Key Concepts Covered in Top 5 Genetics Questions for NEET
The Top 5 Genetics Questions for NEET highlight the most important areas you must focus on. Mendelian genetics forms the foundation, so understanding laws like segregation and independent assortment is essential. Molecular genetics topics such as DNA replication, transcription, and translation are equally important and often tested through direct conceptual questions.
Pedigree analysis is another scoring area where simple logic can help you answer questions quickly. Additionally, understanding the properties of the genetic code and experimental concepts like the lac operon can give you an edge.
Common Mistakes Students Make
While practicing the Top 5 Genetics Questions for NEET, students often confuse genotypic and phenotypic ratios. Another common mistake is mixing up enzyme functions in DNA replication. Pedigree questions can also be tricky if you do not carefully analyze inheritance patterns.
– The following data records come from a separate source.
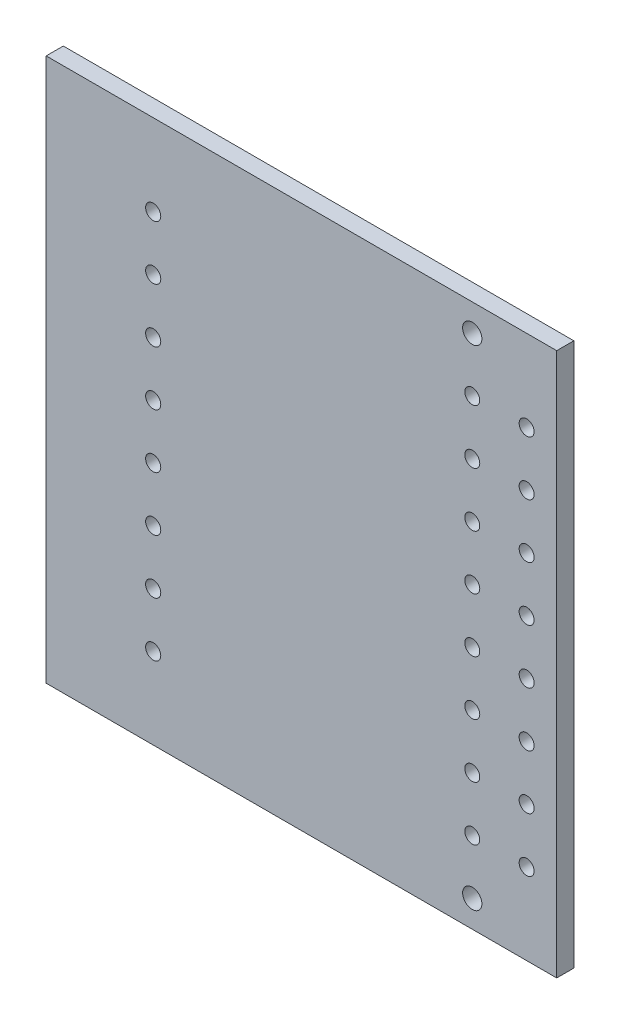
from build123d import *

# Parameters (mm, degrees)
SKETCH1_W           = 47.7000015
SKETCH1_H           = 50.76
SKETCH1_R           = 0.7
SKETCH1_R_2         = 0.707106781
SKETCH1_R_3         = 0.9
BOSS_EXTRUDE1_DEPTH = 1.6


with BuildPart() as part:
    # Sketch1 → Boss-Extrude1 (new body)
    with BuildSketch(Plane.XY):
        with Locations((-123.821418115, -27.467158499)):
            Rectangle(SKETCH1_W, SKETCH1_H)
        with Locations((-107.861418865, -45.267158499)):
            Circle(SKETCH1_R, mode=Mode.SUBTRACT)
        with Locations((-102.781418865, -45.267158499)):
            Circle(SKETCH1_R, mode=Mode.SUBTRACT)
        with Locations((-102.781418865, -40.187158499)):
            Circle(SKETCH1_R, mode=Mode.SUBTRACT)
        with Locations((-102.781418865, -35.107158499)):
            Circle(SKETCH1_R, mode=Mode.SUBTRACT)
        with Locations((-102.781418865, -30.027158499)):
            Circle(SKETCH1_R, mode=Mode.SUBTRACT)
        with Locations((-102.781418865, -24.947158499)):
            Circle(SKETCH1_R, mode=Mode.SUBTRACT)
        with Locations((-102.781418865, -19.867158499)):
            Circle(SKETCH1_R, mode=Mode.SUBTRACT)
        with Locations((-102.781418865, -14.787158499)):
            Circle(SKETCH1_R, mode=Mode.SUBTRACT)
        with Locations((-102.781418865, -9.707158499)):
            Circle(SKETCH1_R, mode=Mode.SUBTRACT)
        with Locations((-107.861418865, -40.187158499)):
            Circle(SKETCH1_R, mode=Mode.SUBTRACT)
        with Locations((-107.861418865, -35.107158499)):
            Circle(SKETCH1_R, mode=Mode.SUBTRACT)
        with Locations((-107.861418865, -30.027158499)):
            Circle(SKETCH1_R, mode=Mode.SUBTRACT)
        with Locations((-107.861418865, -24.947158499)):
            Circle(SKETCH1_R, mode=Mode.SUBTRACT)
        with Locations((-107.861418865, -19.867158499)):
            Circle(SKETCH1_R, mode=Mode.SUBTRACT)
        with Locations((-107.861418865, -14.787158499)):
            Circle(SKETCH1_R, mode=Mode.SUBTRACT)
        with Locations((-107.861418865, -9.707158499)):
            Circle(SKETCH1_R, mode=Mode.SUBTRACT)
        with Locations((-137.671418865, -45.267158499)):
            Circle(SKETCH1_R_2, mode=Mode.SUBTRACT)
        with Locations((-137.671418865, -40.187158499)):
            Circle(SKETCH1_R_2, mode=Mode.SUBTRACT)
        with Locations((-137.671418865, -35.107158499)):
            Circle(SKETCH1_R_2, mode=Mode.SUBTRACT)
        with Locations((-137.671418865, -30.027158499)):
            Circle(SKETCH1_R_2, mode=Mode.SUBTRACT)
        with Locations((-137.671418865, -24.947158499)):
            Circle(SKETCH1_R_2, mode=Mode.SUBTRACT)
        with Locations((-137.671418865, -19.867158499)):
            Circle(SKETCH1_R_2, mode=Mode.SUBTRACT)
        with Locations((-137.671418865, -14.787158499)):
            Circle(SKETCH1_R_2, mode=Mode.SUBTRACT)
        with Locations((-137.671418865, -9.707158499)):
            Circle(SKETCH1_R_2, mode=Mode.SUBTRACT)
        with Locations((-107.861418865, -50.347158499)):
            Circle(SKETCH1_R_3, mode=Mode.SUBTRACT)
        with Locations((-107.861418865, -4.627158499)):
            Circle(SKETCH1_R_3, mode=Mode.SUBTRACT)
    extrude(amount=BOSS_EXTRUDE1_DEPTH)


solid = part.part

To avoid these errors, focus on clarity and revise NCERT diagrams and tables regularly. Practicing PYQs multiple times helps reinforce these concepts.
Preparation Strategy for Genetics
To master the Top 5 Genetics Questions for NEET, start with NCERT and ensure every line is understood. Practice monohybrid and dihybrid crosses regularly, as numericals are frequently asked. Make short notes for enzymes, processes, and definitions.
Revise pedigree analysis with multiple examples and learn to identify patterns quickly. Genetics is not about rote memorization—it requires logical thinking and repeated practice.
FAQs on Top 5 Genetics Questions for NEET
Q1. How many questions come from Genetics in NEET?
Around 10–15 questions are asked, making it a high-weightage chapter.
Q2. Are numericals important in Genetics?
Yes, especially from Mendelian genetics and probability-based crosses.
Q3. Is NCERT enough for Genetics?
Mostly yes, but you must understand concepts deeply and practice PYQs like the Top 5 Genetics Questions for NEET.
Q4. Which topics are most important in Genetics?
Mendelian inheritance, DNA replication, transcription, translation, and pedigree analysis.